▶ **Data supplied**:

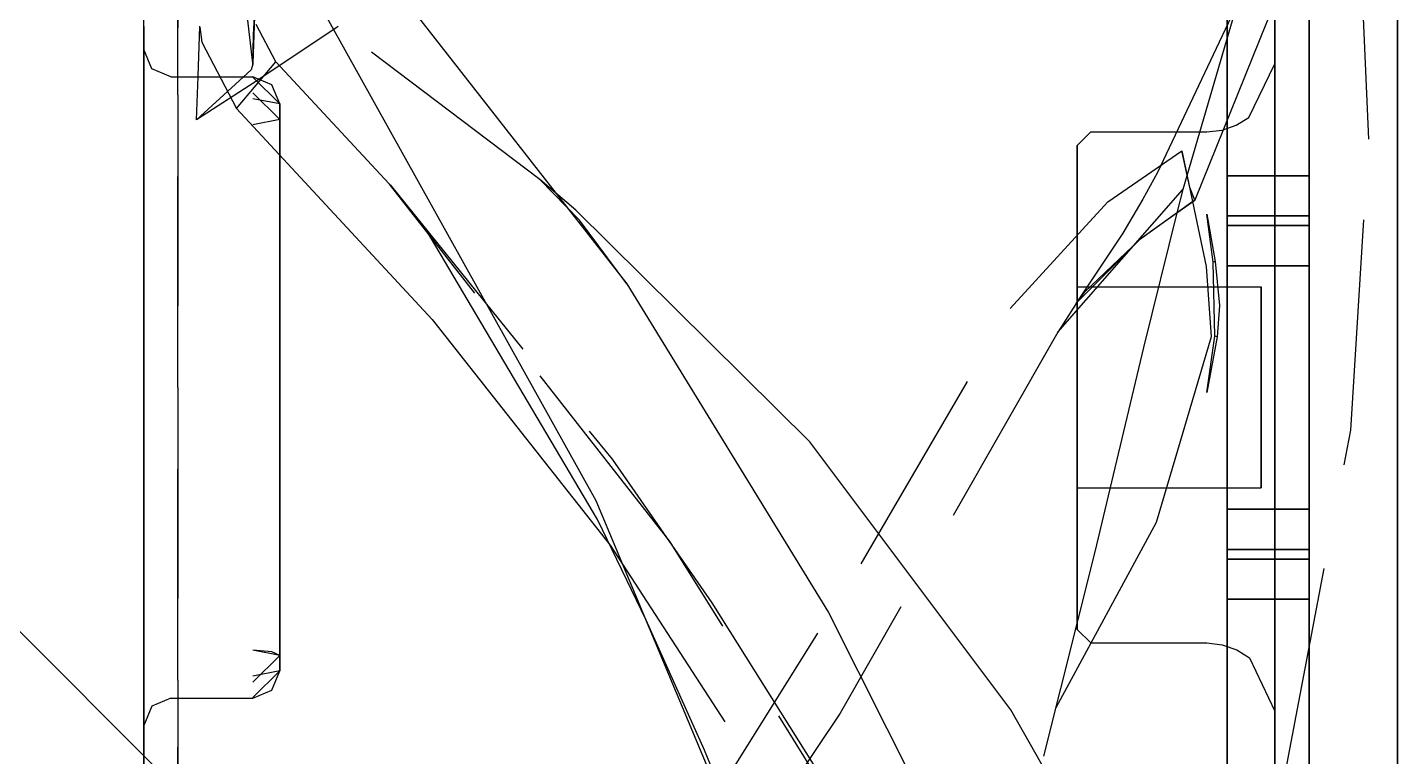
# Model space of a CAD drawing. Header units: metres. Extents: x -21 to 114, y 105 to 226.
# Drawn here: x 28.35 to 47.83, y 158.67 to 169.04 of the extents above; entities that cross this region are included whole.
import ezdxf

# ---------------------------------------------------------------- set-up
doc = ezdxf.new("R2010")
doc.units = ezdxf.units.M
doc.linetypes.add('DASHED', pattern=[4.5, 3, -1.5])
for name, color, linetype in [('DIM', 2, 'Continuous'), ('HIDDEN', 9, 'DASHED'), ('VISIBLE', 3, 'Continuous')]:
    doc.layers.add(name, color=color, linetype=linetype)

msp = doc.modelspace()

# ---------------------------------------------------------------- linework, layer by layer
at = {"layer": 'DIM', "color": 2}
msp.add_line((43.202, 145.486), (-0.662, 189.35), dxfattribs=at)
at = {"layer": 'HIDDEN'}
for p, q in [((31.551, 168.535), (30.43, 178.538)), ((30, 172.249), (30, 168.193)), ((30, 168.193), (30, 172.249)), ((30.485, 172.039), (30.485, 168.085)), ((30.485, 168.085), (30.485, 172.039)), ((45.412, 168.085), (45.412, 172.039)), ((45.412, 172.039), (45.412, 168.085)), ((44.957, 166.591), (46.715, 170.948)), ((45.412, 170.57), (45.412, 168.548)), ((45.412, 168.548), (45.412, 170.57)), ((46.09, 168.548), (46.09, 170.57)), ((46.09, 170.57), (46.09, 168.548)), ((45.547, 169.365), (44.421, 166.98)), ((45.547, 169.365), (44.782, 166.741)), ((31.575, 169.207), (31.551, 168.535)), ((31.567, 169.026), (31.575, 169.2)), ((45.412, 169.293), (45.412, 168.963)), ((45.412, 168.963), (45.412, 169.293)), ((45.412, 169.043), (45.412, 169.265)), ((45.412, 169.265), (45.412, 169.043)), ((46.575, 168.963), (46.575, 169.293)), ((46.575, 169.293), (46.575, 168.963)), ((46.575, 169.265), (46.575, 169.043)), ((46.575, 169.043), (46.575, 169.265)), ((47.424, 167.454), (47.351, 169.181)), ((30, 163.922), (30, 169.056)), ((30.775, 168.347), (30.801, 169.064)), ((31.563, 168.946), (31.567, 169.026)), ((32.764, 169.056), (31.581, 168.265)), ((35.633, 166.882), (32.764, 169.056)), ((45.412, 168.819), (45.412, 169.043)), ((45.412, 169.043), (45.412, 168.819)), ((46.575, 169.043), (46.575, 168.819)), ((46.575, 168.819), (46.575, 169.043)), ((31.555, 168.677), (31.558, 168.779)), ((31.558, 168.779), (31.56, 168.869)), ((31.56, 168.869), (31.563, 168.946)), ((45.412, 168.963), (45.412, 168.63)), ((45.412, 168.63), (45.412, 168.963)), ((45.412, 168.592), (45.412, 168.819)), ((45.412, 168.819), (45.412, 168.592)), ((46.575, 168.63), (46.575, 168.963)), ((46.575, 168.963), (46.575, 168.63)), ((46.575, 168.819), (46.575, 168.592)), ((46.575, 168.592), (46.575, 168.819)), ((30, 168.73), (30, 168.731)), ((30, 168.731), (30, 168.731)), ((30, 168.731), (30, 168.727)), ((30, 168.727), (30, 168.731)), ((30, 168.731), (30, 168.731)), ((30, 168.731), (30, 168.73)), ((30.116, 168.455), (30, 168.731)), ((30.116, 168.455), (30, 168.731)), ((30, 168.729), (30, 168.73)), ((30, 168.73), (30, 168.73)), ((30, 168.73), (30, 168.73)), ((30, 168.73), (30, 168.729)), ((30, 168.728), (30, 168.729)), ((30, 168.729), (30, 168.728)), ((30, 168.727), (30, 168.728)), ((30, 168.728), (30, 168.727)), ((30, 168.726), (30, 168.727)), ((30, 168.727), (30, 168.716)), ((30, 168.716), (30, 168.727)), ((30, 168.727), (30, 168.726)), ((30, 168.724), (30, 168.726)), ((30, 168.726), (30, 168.724)), ((30, 168.722), (30, 168.724)), ((30, 168.724), (30, 168.722)), ((30, 168.721), (30, 168.722)), ((30, 168.722), (30, 168.721)), ((30, 168.719), (30, 168.721)), ((30, 168.721), (30, 168.719)), ((30, 168.717), (30, 168.719)), ((30, 168.719), (30, 168.717)), ((30, 168.714), (30, 168.717)), ((30, 168.717), (30, 168.714)), ((30, 168.716), (30, 168.697)), ((30, 168.697), (30, 168.716)), ((30, 168.492), (30, 168.714)), ((30, 168.714), (30, 168.492)), ((30, 168.697), (30, 168.672)), ((30, 168.672), (30, 168.697)), ((30, 168.672), (30, 168.639)), ((30, 168.639), (30, 168.672)), ((30, 168.639), (30, 168.599)), ((30, 168.599), (30, 168.639)), ((30, 168.599), (30, 168.554)), ((30, 168.554), (30, 168.599)), ((31.551, 168.522), (31.555, 168.677)), ((45.412, 168.63), (45.412, 168.295)), ((45.412, 168.295), (45.412, 168.63)), ((45.412, 168.364), (45.412, 168.592)), ((45.412, 168.592), (45.412, 168.364)), ((46.575, 168.295), (46.575, 168.63)), ((46.575, 168.63), (46.575, 168.295)), ((46.575, 168.592), (46.575, 168.364)), ((46.575, 168.364), (46.575, 168.592)), ((30, 168.554), (30, 168.502)), ((30, 168.502), (30, 168.554)), ((30, 168.502), (30, 168.446)), ((30, 168.446), (30, 168.502)), ((30, 168.47), (30, 168.492)), ((30, 168.492), (30, 168.47)), ((30, 168.438), (30, 168.47)), ((30, 168.47), (30, 168.438)), ((30, 168.446), (30, 168.384)), ((30, 168.384), (30, 168.446)), ((30, 168.398), (30, 168.438)), ((30, 168.438), (30, 168.398)), ((30, 168.35), (30, 168.398)), ((30, 168.398), (30, 168.35)), ((30, 168.384), (30, 168.318)), ((30, 168.318), (30, 168.384)), ((30.388, 168.343), (30.116, 168.455)), ((30.388, 168.343), (30.116, 168.455)), ((31.528, 168.443), (30.752, 167.728)), ((31.551, 168.522), (31.528, 168.443)), ((31.551, 168.535), (31.551, 168.522)), ((45.412, 168.548), (45.412, 166.295)), ((45.412, 166.295), (45.412, 168.548)), ((45.721, 167.765), (46.09, 168.526)), ((46.09, 166.295), (46.09, 168.548)), ((46.09, 168.548), (46.09, 166.295)), ((46.09, 168.525), (46.09, 168.526)), ((46.09, 168.526), (46.09, 168.526)), ((46.09, 168.526), (46.09, 168.526)), ((46.09, 168.526), (46.09, 168.416)), ((46.09, 168.524), (46.09, 168.525)), ((46.09, 168.525), (46.09, 168.525)), ((46.09, 168.523), (46.09, 168.524)), ((46.09, 168.524), (46.09, 168.524)), ((46.09, 168.522), (46.09, 168.523)), ((46.09, 168.521), (46.09, 168.522)), ((46.09, 168.52), (46.09, 168.521)), ((46.09, 168.518), (46.09, 168.52)), ((46.09, 168.517), (46.09, 168.518)), ((46.09, 168.516), (46.09, 168.517)), ((46.09, 168.515), (46.09, 168.516)), ((46.09, 168.516), (46.09, 168.51)), ((46.09, 168.514), (46.09, 168.515)), ((46.09, 168.515), (46.09, 168.515)), ((46.09, 168.513), (46.09, 168.514)), ((46.09, 168.514), (46.09, 168.514)), ((46.09, 168.514), (46.09, 168.514)), ((46.09, 168.512), (46.09, 168.513)), ((46.09, 168.513), (46.09, 168.513)), ((46.09, 168.513), (46.09, 168.513)), ((46.09, 168.511), (46.09, 168.512)), ((46.09, 168.512), (46.09, 168.512)), ((46.09, 168.51), (46.09, 168.511)), ((46.09, 168.511), (46.09, 168.511)), ((46.09, 168.511), (46.09, 168.511)), ((46.09, 168.317), (46.09, 168.51)), ((46.09, 168.416), (46.09, 168.09)), ((30, 168.294), (30, 168.35)), ((30, 168.35), (30, 168.294)), ((30, 168.318), (30, 168.249)), ((30, 168.249), (30, 168.318)), ((30, 168.231), (30, 168.294)), ((30, 168.294), (30, 168.231)), ((30, 168.249), (30, 168.177)), ((30, 168.177), (30, 168.249)), ((30, 168.163), (30, 168.231)), ((30, 168.231), (30, 168.163)), ((30, 168.193), (30, 163.922)), ((30, 163.922), (30, 168.193)), ((30.388, 168.343), (31.551, 168.343)), ((30.388, 168.343), (31.551, 168.343)), ((30.752, 167.728), (30.775, 168.347)), ((31.581, 168.265), (30.752, 167.728)), ((31.825, 168.23), (31.551, 168.343)), ((31.825, 168.23), (31.551, 168.343)), ((31.939, 167.956), (31.551, 168.335)), ((31.939, 167.956), (31.551, 168.335)), ((31.939, 167.956), (31.825, 168.23)), ((31.939, 167.956), (31.825, 168.23)), ((45.412, 168.133), (45.412, 168.364)), ((45.412, 168.364), (45.412, 168.133)), ((45.412, 168.295), (45.412, 167.958)), ((45.412, 167.958), (45.412, 168.295)), ((46.09, 167.916), (46.09, 168.317)), ((46.575, 168.364), (46.575, 168.133)), ((46.575, 168.133), (46.575, 168.364)), ((46.575, 167.958), (46.575, 168.295)), ((46.575, 168.295), (46.575, 167.958)), ((30, 168.177), (30, 168.103)), ((30, 168.103), (30, 168.177)), ((30, 168.088), (30, 168.163)), ((30, 168.163), (30, 168.088)), ((30, 168.103), (30, 167.512)), ((30, 167.512), (30, 168.103)), ((30, 168.01), (30, 168.088)), ((30, 168.088), (30, 168.01)), ((30, 167.928), (30, 168.01)), ((30, 168.01), (30, 167.928)), ((30.485, 168.085), (30.485, 163.922)), ((30.485, 163.922), (30.485, 168.085)), ((31.939, 167.734), (31.551, 168.113)), ((31.939, 167.734), (31.551, 168.113)), ((31.939, 167.956), (31.551, 168.029)), ((31.939, 167.956), (31.551, 168.029)), ((45.412, 167.9), (45.412, 168.133)), ((45.412, 168.133), (45.412, 167.9)), ((45.412, 163.922), (45.412, 168.085)), ((45.412, 168.085), (45.412, 163.922)), ((46.09, 168.09), (46.09, 167.564)), ((46.575, 168.133), (46.575, 167.9)), ((46.575, 167.9), (46.575, 168.133)), ((30, 167.844), (30, 167.928)), ((30, 167.928), (30, 167.844)), ((30, 167.758), (30, 167.844)), ((30, 167.844), (30, 167.758)), ((31.939, 167.734), (31.939, 167.956)), ((31.939, 167.956), (31.939, 167.385)), ((31.939, 167.385), (31.939, 167.956)), ((31.939, 167.956), (31.939, 167.734)), ((45.412, 167.958), (45.412, 167.619)), ((45.412, 167.619), (45.412, 167.958)), ((45.412, 167.666), (45.412, 167.9)), ((45.412, 167.9), (45.412, 167.666)), ((46.09, 167.325), (46.09, 167.916)), ((46.575, 167.619), (46.575, 167.958)), ((46.575, 167.958), (46.575, 167.619)), ((46.575, 167.9), (46.575, 167.666)), ((46.575, 167.666), (46.575, 167.9)), ((30, 167.672), (30, 167.758)), ((30, 167.758), (30, 167.672)), ((30, 167.587), (30, 167.672)), ((30, 167.672), (30, 167.587)), ((31.939, 167.734), (31.551, 167.661)), ((31.939, 167.734), (31.551, 167.661)), ((31.939, 167.195), (31.939, 167.734)), ((31.939, 167.734), (31.939, 167.195)), ((45.34, 167.582), (45.54, 167.653)), ((45.412, 167.43), (45.412, 167.666)), ((45.412, 167.666), (45.412, 167.43)), ((45.412, 167.619), (45.412, 167.278)), ((45.412, 167.278), (45.412, 167.619)), ((45.54, 167.653), (45.721, 167.765)), ((46.575, 167.666), (46.575, 167.43)), ((46.575, 167.43), (46.575, 167.666)), ((46.575, 167.278), (46.575, 167.619)), ((46.575, 167.619), (46.575, 167.278)), ((30, 167.069), (30, 167.587)), ((30, 167.587), (30, 167.069)), ((30, 167.512), (30, 166.917)), ((30, 166.917), (30, 167.512)), ((43.279, 167.363), (43.473, 167.557)), ((43.473, 167.557), (45.121, 167.557)), ((45.121, 167.557), (45.34, 167.582)), ((45.412, 167.192), (45.412, 167.43)), ((45.412, 167.43), (45.412, 167.192)), ((46.09, 167.564), (46.09, 166.863)), ((46.575, 167.43), (46.575, 167.192)), ((46.575, 167.192), (46.575, 167.43)), ((47.168, 163.314), (47.424, 167.454)), ((31.939, 167.385), (31.939, 166.812)), ((31.939, 166.812), (31.939, 167.385)), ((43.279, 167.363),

▶ **Task prompt**:
Which lines of the data include the string "name"? Find them and copy each one.

▶ **Your solution**:
for name, color, linetype in [('DIM', 2, 'Continuous'), ('HIDDEN', 9, 'DASHED'), ('VISIBLE', 3, 'Continuous')]:
    doc.layers.add(name, color=color, linetype=linetype)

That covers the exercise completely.